Formal Verification is a core competency of the NSoE-TSS project. In particular, formal verification in the NSoE-TSS focuses on three different aspects: first, the automation of deductive verification of concurrent systems, specially suited for micro-kernel verification; second, procedures to guarantee the memory safety of programs; and third verification of distributed systems.
Rely-guarantee-based framework for verification of concurrent systems
CSim^2 is a (compositional) rely-guarantee-based framework for the top-down verification of complex concurrent systems in the Isabelle/HOL theorem prover. CSim^2 uses CSimpl, a language with a high degree of expressiveness designed for the specification of concurrent programs. Thanks to its expressibility, CSimpl is able to model many of the features found in real world programming languages like exceptions, assertions, and procedures. CSim^2 provides a framework for the verification of rely-guarantee properties to compositionally reason on CSimpl specifications.

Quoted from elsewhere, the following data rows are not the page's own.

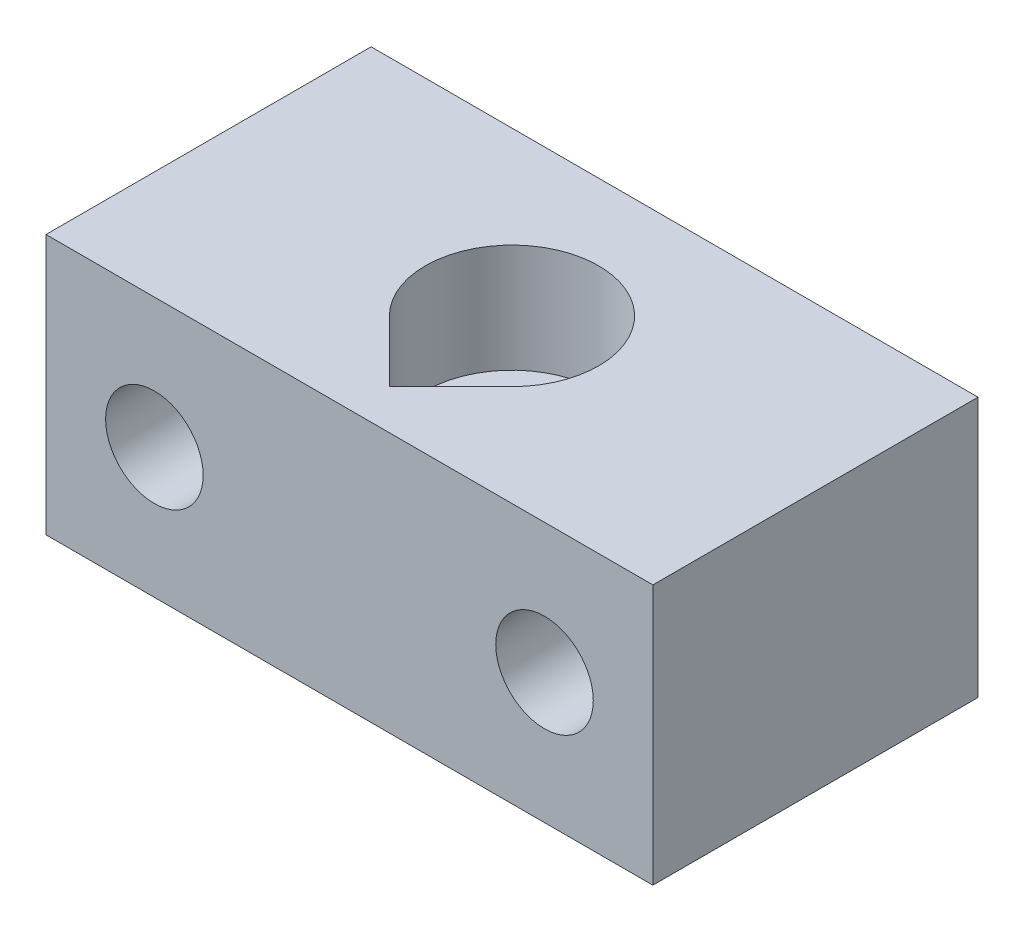
SolidWorks part; units mm, degrees
material "Printed PLA"
ref_plane "Front Plane" through (0, 0, 0) normal (0, 0, 1) x (1, 0, 0)
ref_plane "Top Plane" through (0, 0, 0) normal (0, 1, 0) x (1, 0, 0)
ref_plane "Right Plane" through (0, 0, 0) normal (1, 0, 0) x (0, 0, -1)
sketch "Sketch1" plane through (0, 0, 0) normal (0, 1, 0) x (1, 0, 0)
  line L0 (-14, 15) -> (14, -15) construction
  line L1 (-14, 15) -> (14, 15)
  line L2 (-14, 15) -> (-14, -15)
  line L3 (-14, -15) -> (14, -15)
  line L4 (14, 15) -> (14, -15)
  line L5 (0, 7.5) -> (0, -7.5) construction
  line L6 (-1.591, -9.091) -> (0, -10.682)
  line L7 (0, -10.682) -> (1.591, -9.091)
  line L8 (-1.591, 5.909) -> (0, 4.318)
  line L9 (0, 4.318) -> (1.591, 5.909)
  arc A0 (1.591, 5.909) -> (-1.591, 5.909) centre (0, 7.5) ccw
  arc A1 (1.591, -9.091) -> (-1.591, -9.091) centre (0, -7.5) ccw
  dimension "D3" = 2.25
  dimension "D1" = 28
  dimension "D2" = 30
  dimension "D4" = 15
extrude "Boss-Extrude1" add sketch "Sketch1" along normal blind 12
sketch "Sketch2" plane through (0, 0, 15) normal (0, 0, 1) x (1, 0, 0)
  line L0 (0, 0) -> (0, 6) construction
  line L1 (0, 6) -> (0, 12) construction
  line L2 (-14, 12) -> (14, 12) construction
  line L3 (-9, 6) -> (9, 6) construction
  circle A0 centre (-9, 6) radius 2.25
  circle A1 centre (9, 6) radius 2.25
  dimension "D1" = 4.5
  dimension "D2" = 18
extrude "Cut-Extrude1" cut sketch "Sketch2" against normal through all
sketch "Sketch3" plane through (0, 12, 0) normal (0, 1, 0) x (1, 0, 0)
  line L0 (-14, -15) -> (14, -15) construction
  line L1 (-4, -15) -> (4, -15)
  line L2 (0, -16.2806) -> (0, 0) construction
  arc A0 (-4, -15) -> (4, -15) centre (0, -16.2806) cw
  dimension "D2" = 4.2
  dimension "D1" = 8
extrude "Cut-Extrude2" [suppressed] cut sketch "Sketch3" against normal through all
sketch "Sketch4" plane through (0, 12, 0) normal (0, 1, 0) x (1, 0, 0)
  line L0 (-14, 15) -> (-14, -15) construction
  line L1 (-14, 0) -> (14, 0)
  line L2 (-14, 0) -> (-14, -15)
  line L3 (-14, -15) -> (14, -15)
  line L4 (14, 0) -> (14, -15)
extrude "Cut-Extrude3" cut sketch "Sketch4" against normal through all
sketch "Sketch5" plane through (0, 12, 0) normal (0, 1, 0) x (1, 0, 0)
  line L0 (-2.8284, 4.6716) -> (0, 1.8431)
  line L1 (0, 1.8431) -> (2.8284, 4.6716)
  line L2 (0, 1.8431) -> (0, 7.5) construction
  arc A0 (2.8284, 4.6716) -> (-2.8284, 4.6716) centre (0, 7.5) ccw
  dimension "D1" = 8
extrude "Cut-Extrude4" cut sketch "Sketch5" against normal blind 5

Focusing on top-down verification, CSim^2 provides a simulation based framework for the preservation of CSimpl rely guarantee properties from specifications to implementations. By using the simulation framework, properties proven on the top layers (abstract specifications) are compositionally propagated down to the lowest layers (source or machine code) in each concurrent component of the system.
CoSplit: Practical Smart Contract Sharding with Ownership and Commutativity Analysis
Sharding is a popular way to achieve scalability in blockchain protocols, increasing their throughput by partitioning the set of transaction validators into a number of smaller committees, splitting the workload. Existing approaches for blockchain sharding, however, do not scale well when concurrent transactions alter the same replicated state component—a common scenario in Ethereum-style smart contracts. We propose a novel approach for efficiently sharding such transactions. It is based on a folklore idea: state-manipulating atomic operations that commute can be processed in parallel, with their cumulative result defined deterministically, while executing non-commuting operations requires one to own the state they alter. We present CoSplit—a static program analysis tool that soundly infers ownership and commutativity summaries for arbitrary smart contracts written in the Scilla language and translates those summaries to sharding signatures that are used by the blockchain protocol to allocate shards to transactions in a way that maximises parallelism. We have integrated CoSplit into a state-of-the-art sharded blockchain protocol. Our evaluation shows that using CoSplit introduces negligible overhead to the transaction validation cost, while the inferred sharding signatures allow the system to achieve a significant increase in transaction processing throughput for real-world smart contracts.